# Superdrol - best way to eat on it?



## nick500 (Dec 12, 2005)

I start 4 weeks superdrol tomorrow or the day after,

in terms of what I should eat, what do u think?#currently i'm eating 5 or 6 times a day, 3 of them liquid (i.e. shed load of oats scoop of whey with banana) for example as one of them, as I prefer liquid meals but quicker to prepare and stuff.

Should I aim for a much more elevatied eating schedule to maximise the muscle that i build whilst on superdrol? I want to comfortably aim for 14 lbs gain if possible, that would be great. my LBM calorie recommendation is about 2750 at 13 stone 2, 5 " 9.
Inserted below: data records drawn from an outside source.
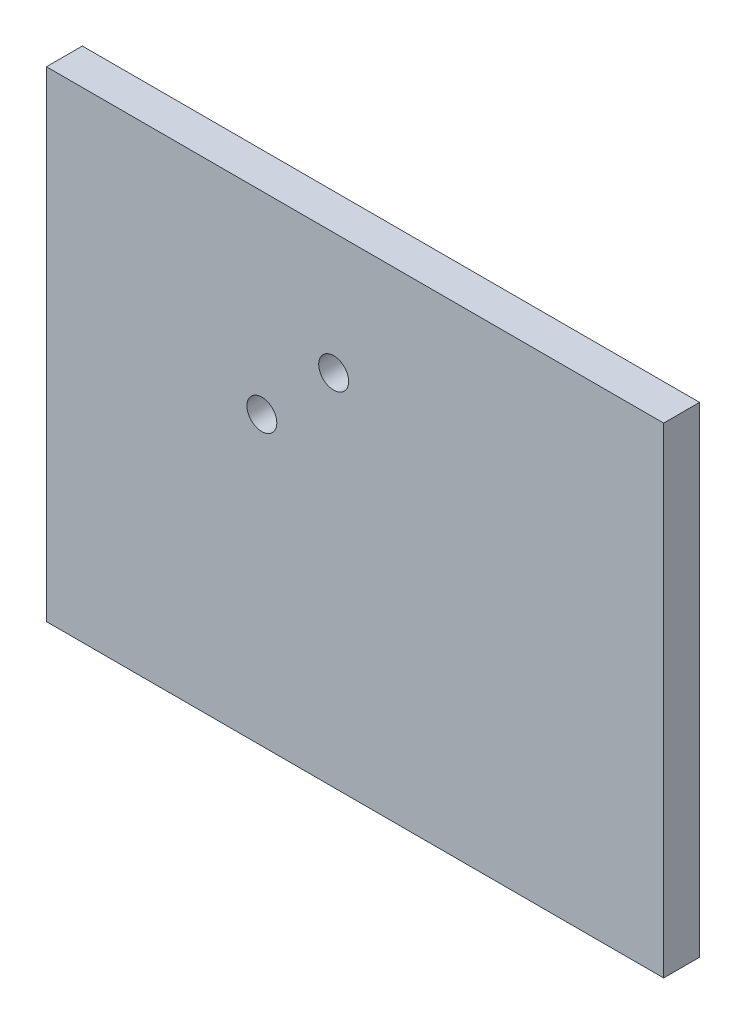
ISO-10303-21;
HEADER;
FILE_DESCRIPTION(('STEP AP214'),'2;1');
FILE_NAME('part.step','',(''),(''),'','','');
FILE_SCHEMA(('AUTOMOTIVE_DESIGN { 1 0 10303 214 1 1 1 1 }'));
ENDSEC;
DATA;
#1=APPLICATION_CONTEXT('core data for automotive mechanical design processes');
#2=APPLICATION_PROTOCOL_DEFINITION('international standard','automotive_design',2000,#1);
#3=PRODUCT_CONTEXT('',#1,'mechanical');
#4=PRODUCT('Part','Part','',(#3));
#5=PRODUCT_RELATED_PRODUCT_CATEGORY('part','',(#4));
#6=PRODUCT_DEFINITION_FORMATION('','',#4);
#7=PRODUCT_DEFINITION_CONTEXT('part definition',#1,'design');
#8=PRODUCT_DEFINITION('design','',#6,#7);
#9=PRODUCT_DEFINITION_SHAPE('','',#8);
#10=(LENGTH_UNIT() NAMED_UNIT(*) SI_UNIT(.MILLI.,.METRE.));
#11=(NAMED_UNIT(*) PLANE_ANGLE_UNIT() SI_UNIT($,.RADIAN.));
#12=(NAMED_UNIT(*) SI_UNIT($,.STERADIAN.) SOLID_ANGLE_UNIT());
#13=UNCERTAINTY_MEASURE_WITH_UNIT(LENGTH_MEASURE(1.E-05),#10,'distance_accuracy_value','');
#14=(GEOMETRIC_REPRESENTATION_CONTEXT(3) GLOBAL_UNCERTAINTY_ASSIGNED_CONTEXT((#13)) GLOBAL_UNIT_ASSIGNED_CONTEXT((#10,
#11,#12)) REPRESENTATION_CONTEXT('',''));
#15=CARTESIAN_POINT('',(0.,0.,0.));
#16=DIRECTION('',(0.,0.,1.));
#17=DIRECTION('',(1.,0.,0.));
#18=AXIS2_PLACEMENT_3D('',#15,#16,#17);
#19=CARTESIAN_POINT('',(85.9563831059381,-66.9268854064643,10.));
#20=DIRECTION('',(-1.,0.,0.));
#21=DIRECTION('',(0.,0.,1.));
#22=AXIS2_PLACEMENT_3D('',#19,#20,#21);
#23=PLANE('',#22);
#24=DIRECTION('',(0.,1.,0.));
#25=VECTOR('',#24,1.);
#26=CARTESIAN_POINT('',(85.9563831059381,-66.9268854064643,0.));
#27=LINE('',#26,#25);
#28=CARTESIAN_POINT('',(85.9563831059381,-66.9268854064643,0.));
#29=VERTEX_POINT('',#28);
#30=CARTESIAN_POINT('',(85.9563831059381,66.9268854064643,0.));
#31=VERTEX_POINT('',#30);
#32=EDGE_CURVE('E96',#29,#31,#27,.T.);
#33=ORIENTED_EDGE('',*,*,#32,.T.);
#34=DIRECTION('',(0.,0.,-1.));
#35=VECTOR('',#34,1.);
#36=CARTESIAN_POINT('',(85.9563831059381,66.9268854064643,10.));
#37=LINE('',#36,#35);
#38=CARTESIAN_POINT('',(85.9563831059381,66.9268854064643,10.));
#39=VERTEX_POINT('',#38);
#40=EDGE_CURVE('E11',#39,#31,#37,.T.);
#41=ORIENTED_EDGE('',*,*,#40,.F.);
#42=DIRECTION('',(0.,1.,0.));
#43=VECTOR('',#42,1.);
#44=CARTESIAN_POINT('',(85.9563831059381,-66.9268854064643,10.));
#45=LINE('',#44,#43);
#46=CARTESIAN_POINT('',(85.9563831059381,-66.9268854064643,10.));
#47=VERTEX_POINT('',#46);
#48=EDGE_CURVE('E84',#47,#39,#45,.T.);
#49=ORIENTED_EDGE('',*,*,#48,.F.);
#50=DIRECTION('',(0.,0.,-1.));
#51=VECTOR('',#50,1.);
#52=CARTESIAN_POINT('',(85.9563831059381,-66.9268854064643,10.));
#53=LINE('',#52,#51);
#54=EDGE_CURVE('E92',#47,#29,#53,.T.);
#55=ORIENTED_EDGE('',*,*,#54,.T.);
#56=EDGE_LOOP('',(#33,#41,#49,#55));
#57=FACE_BOUND('',#56,.T.);
#58=ADVANCED_FACE('F33',(#57),#23,.F.);
#59=CARTESIAN_POINT('',(-85.9563831059381,66.9268854064643,10.));
#60=DIRECTION('',(0.,-1.,0.));
#61=DIRECTION('',(0.,0.,-1.));
#62=AXIS2_PLACEMENT_3D('',#59,#60,#61);
#63=PLANE('',#62);
#64=DIRECTION('',(-1.,0.,0.));
#65=VECTOR('',#64,1.);
#66=CARTESIAN_POINT('',(-85.9563831059381,66.9268854064643,0.));
#67=LINE('',#66,#65);
#68=CARTESIAN_POINT('',(-85.9563831059381,66.9268854064643,0.));
#69=VERTEX_POINT('',#68);
#70=EDGE_CURVE('E88',#31,#69,#67,.T.);
#71=ORIENTED_EDGE('',*,*,#70,.T.);
#72=DIRECTION('',(0.,0.,-1.));
#73=VECTOR('',#72,1.);
#74=CARTESIAN_POINT('',(-85.9563831059381,66.9268854064643,10.));
#75=LINE('',#74,#73);
#76=CARTESIAN_POINT('',(-85.9563831059381,66.9268854064643,10.));
#77=VERTEX_POINT('',#76);
#78=EDGE_CURVE('E41',#77,#69,#75,.T.);
#79=ORIENTED_EDGE('',*,*,#78,.F.);
#80=DIRECTION('',(-1.,0.,0.));
#81=VECTOR('',#80,1.);
#82=CARTESIAN_POINT('',(-85.9563831059381,66.9268854064643,10.));
#83=LINE('',#82,#81);
#84=EDGE_CURVE('E79',#39,#77,#83,.T.);
#85=ORIENTED_EDGE('',*,*,#84,.F.);
#86=ORIENTED_EDGE('',*,*,#40,.T.);
#87=EDGE_LOOP('',(#71,#79,#85,#86));
#88=FACE_BOUND('',#87,.T.);
#89=ADVANCED_FACE('F87',(#88),#63,.F.);
#90=CARTESIAN_POINT('',(-85.9563831059381,-66.9268854064643,10.));
#91=DIRECTION('',(1.,0.,0.));
#92=DIRECTION('',(0.,0.,-1.));
#93=AXIS2_PLACEMENT_3D('',#90,#91,#92);
#94=PLANE('',#93);
#95=DIRECTION('',(0.,-1.,0.));
#96=VECTOR('',#95,1.);
#97=CARTESIAN_POINT('',(-85.9563831059381,-66.9268854064643,0.));
#98=LINE('',#97,#96);
#99=CARTESIAN_POINT('',(-85.9563831059381,-66.9268854064643,0.));
#100=VERTEX_POINT('',#99);
#101=EDGE_CURVE('E66',#69,#100,#98,.T.);
#102=ORIENTED_EDGE('',*,*,#101,.T.);
#103=DIRECTION('',(0.,0.,-1.));
#104=VECTOR('',#103,1.);
#105=CARTESIAN_POINT('',(-85.9563831059381,-66.9268854064643,10.));
#106=LINE('',#105,#104);
#107=CARTESIAN_POINT('',(-85.9563831059381,-66.9268854064643,10.));
#108=VERTEX_POINT('',#107);
#109=EDGE_CURVE('E89',#108,#100,#106,.T.);
#110=ORIENTED_EDGE('',*,*,#109,.F.);
#111=DIRECTION('',(0.,-1.,0.));
#112=VECTOR('',#111,1.);
#113=CARTESIAN_POINT('',(-85.9563831059381,-66.9268854064643,10.));
#114=LINE('',#113,#112);
#115=EDGE_CURVE('E82',#77,#108,#114,.T.);
#116=ORIENTED_EDGE('',*,*,#115,.F.);
#117=ORIENTED_EDGE('',*,*,#78,.T.);
#118=EDGE_LOOP('',(#102,#110,#116,#117));
#119=FACE_BOUND('',#118,.T.);
#120=ADVANCED_FACE('F90',(#119),#94,.F.);
#121=CARTESIAN_POINT('',(-85.9563831059381,-66.9268854064643,10.));
#122=DIRECTION('',(0.,1.,0.));
#123=DIRECTION('',(0.,0.,1.));
#124=AXIS2_PLACEMENT_3D('',#121,#122,#123);
#125=PLANE('',#124);
#126=DIRECTION('',(1.,0.,0.));
#127=VECTOR('',#126,1.);
#128=CARTESIAN_POINT('',(-85.9563831059381,-66.9268854064643,0.));
#129=LINE('',#128,#127);
#130=EDGE_CURVE('E72',#100,#29,#129,.T.);
#131=ORIENTED_EDGE('',*,*,#130,.T.);
#132=ORIENTED_EDGE('',*,*,#54,.F.);
#133=DIRECTION('',(1.,0.,0.));
#134=VECTOR('',#133,1.);
#135=CARTESIAN_POINT('',(-85.9563831059381,-66.9268854064643,10.));
#136=LINE('',#135,#134);
#137=EDGE_CURVE('E49',#108,#47,#136,.T.);
#138=ORIENTED_EDGE('',*,*,#137,.F.);
#139=ORIENTED_EDGE('',*,*,#109,.T.);
#140=EDGE_LOOP('',(#131,#132,#138,#139));
#141=FACE_BOUND('',#140,.T.);
#142=ADVANCED_FACE('F104',(#141),#125,.F.);
#143=CARTESIAN_POINT('',(0.,0.,10.));
#144=DIRECTION('',(0.,0.,-1.));
#145=DIRECTION('',(-1.,0.,0.));
#146=AXIS2_PLACEMENT_3D('',#143,#144,#145);
#147=PLANE('',#146);
#148=CARTESIAN_POINT('',(-5.95638310593806,33.0731145935358,10.));
#149=DIRECTION('',(0.,0.,1.));
#150=DIRECTION('',(1.,0.,0.));
#151=AXIS2_PLACEMENT_3D('',#148,#149,#150);
#152=CIRCLE('',#151,4.16341360907242);
#153=CARTESIAN_POINT('',(-1.79296949686564,33.0731145935358,10.));
#154=VERTEX_POINT('',#153);
#155=EDGE_CURVE('E116',#154,#154,#152,.T.);
#156=ORIENTED_EDGE('',*,*,#155,.F.);
#157=EDGE_LOOP('',(#156));
#158=FACE_BOUND('',#157,.T.);
#159=CARTESIAN_POINT('',(-25.9563831059381,13.0731145935358,10.));
#160=DIRECTION('',(0.,0.,1.));
#161=DIRECTION('',(1.,0.,0.));
#162=AXIS2_PLACEMENT_3D('',#159,#160,#161);
#163=CIRCLE('',#162,4.16341360907242);
#164=CARTESIAN_POINT('',(-21.7929694968656,13.0731145935358,10.));
#165=VERTEX_POINT('',#164);
#166=EDGE_CURVE('E110',#165,#165,#163,.T.);
#167=ORIENTED_EDGE('',*,*,#166,.F.);
#168=EDGE_LOOP('',(#167));
#169=FACE_BOUND('',#168,.T.);
#170=ORIENTED_EDGE('',*,*,#48,.T.);
#171=ORIENTED_EDGE('',*,*,#84,.T.);
#172=ORIENTED_EDGE('',*,*,#115,.T.);
#173=ORIENTED_EDGE('',*,*,#137,.T.);
#174=EDGE_LOOP('',(#170,#171,#172,#173));
#175=FACE_BOUND('',#174,.T.);
#176=ADVANCED_FACE('F80',(#158,#169,#175),#147,.F.);
#177=CARTESIAN_POINT('',(0.,0.,0.));
#178=DIRECTION('',(0.,0.,-1.));
#179=DIRECTION('',(-1.,0.,0.));
#180=AXIS2_PLACEMENT_3D('',#177,#178,#179);
#181=PLANE('',#180);
#182=CARTESIAN_POINT('',(-5.95638310593806,33.0731145935358,0.));
#183=DIRECTION('',(0.,0.,1.));
#184=DIRECTION('',(1.,0.,0.));
#185=AXIS2_PLACEMENT_3D('',#182,#183,#184);
#186=CIRCLE('',#185,4.16341360907242);
#187=CARTESIAN_POINT('',(-1.79296949686564,33.0731145935358,0.));
#188=VERTEX_POINT('',#187);
#189=EDGE_CURVE('E113',#188,#188,#186,.T.);
#190=ORIENTED_EDGE('',*,*,#189,.T.);
#191=EDGE_LOOP('',(#190));
#192=FACE_BOUND('',#191,.T.);
#193=CARTESIAN_POINT('',(-25.9563831059381,13.0731145935358,0.));
#194=DIRECTION('',(0.,0.,1.));
#195=DIRECTION('',(1.,0.,0.));
#196=AXIS2_PLACEMENT_3D('',#193,#194,#195);
#197=CIRCLE('',#196,4.16341360907242);
#198=CARTESIAN_POINT('',(-21.7929694968656,13.0731145935358,0.));
#199=VERTEX_POINT('',#198);
#200=EDGE_CURVE('E99',#199,#199,#197,.T.);
#201=ORIENTED_EDGE('',*,*,#200,.T.);
#202=EDGE_LOOP('',(#201));
#203=FACE_BOUND('',#202,.T.);
#204=ORIENTED_EDGE('',*,*,#32,.F.);
#205=ORIENTED_EDGE('',*,*,#130,.F.);
#206=ORIENTED_EDGE('',*,*,#101,.F.);
#207=ORIENTED_EDGE('',*,*,#70,.F.);
#208=EDGE_LOOP('',(#204,#205,#206,#207));
#209=FACE_BOUND('',#208,.T.);
#210=ADVANCED_FACE('F107',(#192,#203,#209),#181,.T.);
#211=CARTESIAN_POINT('',(-25.9563831059381,13.0731145935358,0.));
#212=DIRECTION('',(0.,0.,1.));
#213=DIRECTION('',(1.,0.,0.));
#214=AXIS2_PLACEMENT_3D('',#211,#212,#213);
#215=CYLINDRICAL_SURFACE('',#214,4.16341360907242);
#216=ORIENTED_EDGE('',*,*,#200,.F.);
#217=EDGE_LOOP('',(#216));
#218=FACE_BOUND('',#217,.T.);
#219=ORIENTED_EDGE('',*,*,#166,.T.);
#220=EDGE_LOOP('',(#219));
#221=FACE_BOUND('',#220,.T.);
#222=ADVANCED_FACE('F127',(#218,#221),#215,.F.);
#223=CARTESIAN_POINT('',(-5.95638310593806,33.0731145935358,0.));
#224=DIRECTION('',(0.,0.,1.));
#225=DIRECTION('',(1.,0.,0.));
#226=AXIS2_PLACEMENT_3D('',#223,#224,#225);
#227=CYLINDRICAL_SURFACE('',#226,4.16341360907242);
#228=ORIENTED_EDGE('',*,*,#189,.F.);
#229=EDGE_LOOP('',(#228));
#230=FACE_BOUND('',#229,.T.);
#231=ORIENTED_EDGE('',*,*,#155,.T.);
#232=EDGE_LOOP('',(#231));
#233=FACE_BOUND('',#232,.T.);
#234=ADVANCED_FACE('F124',(#230,#233),#227,.F.);
#235=CLOSED_SHELL('',(#58,#89,#120,#142,#176,#210,#222,#234));
#236=MANIFOLD_SOLID_BREP('B2',#235);
#237=ADVANCED_BREP_SHAPE_REPRESENTATION('',(#18,#236),#14);
#238=SHAPE_DEFINITION_REPRESENTATION(#9,#237);
ENDSEC;
END-ISO-10303-21;

aim for 3500 of good quality grub or aim even higher?

eating is no problem with me, i could eat 10000 a day probably... lol

Nick


----------



## Guest (Jun 24, 2005)

Id say try to get in two more meals nick.I used to eat 6 meals a day, a meal every 3 hours but ive been eating every two hours this last month to help me with my roid cycle.I dont think it would be a bad idea for you two do the same.Add one solid meal and one shake this will bring your meals up to 8 a day which is plenty.Im eating this way religously throughout my cycle and more importantly through my post cycle but i may try to get back to a maintanance diet of 6 meals a day once my body settles down to normal after say a month after my pct finishes.I dont think i could eat 8 meals a day for the rest of my life.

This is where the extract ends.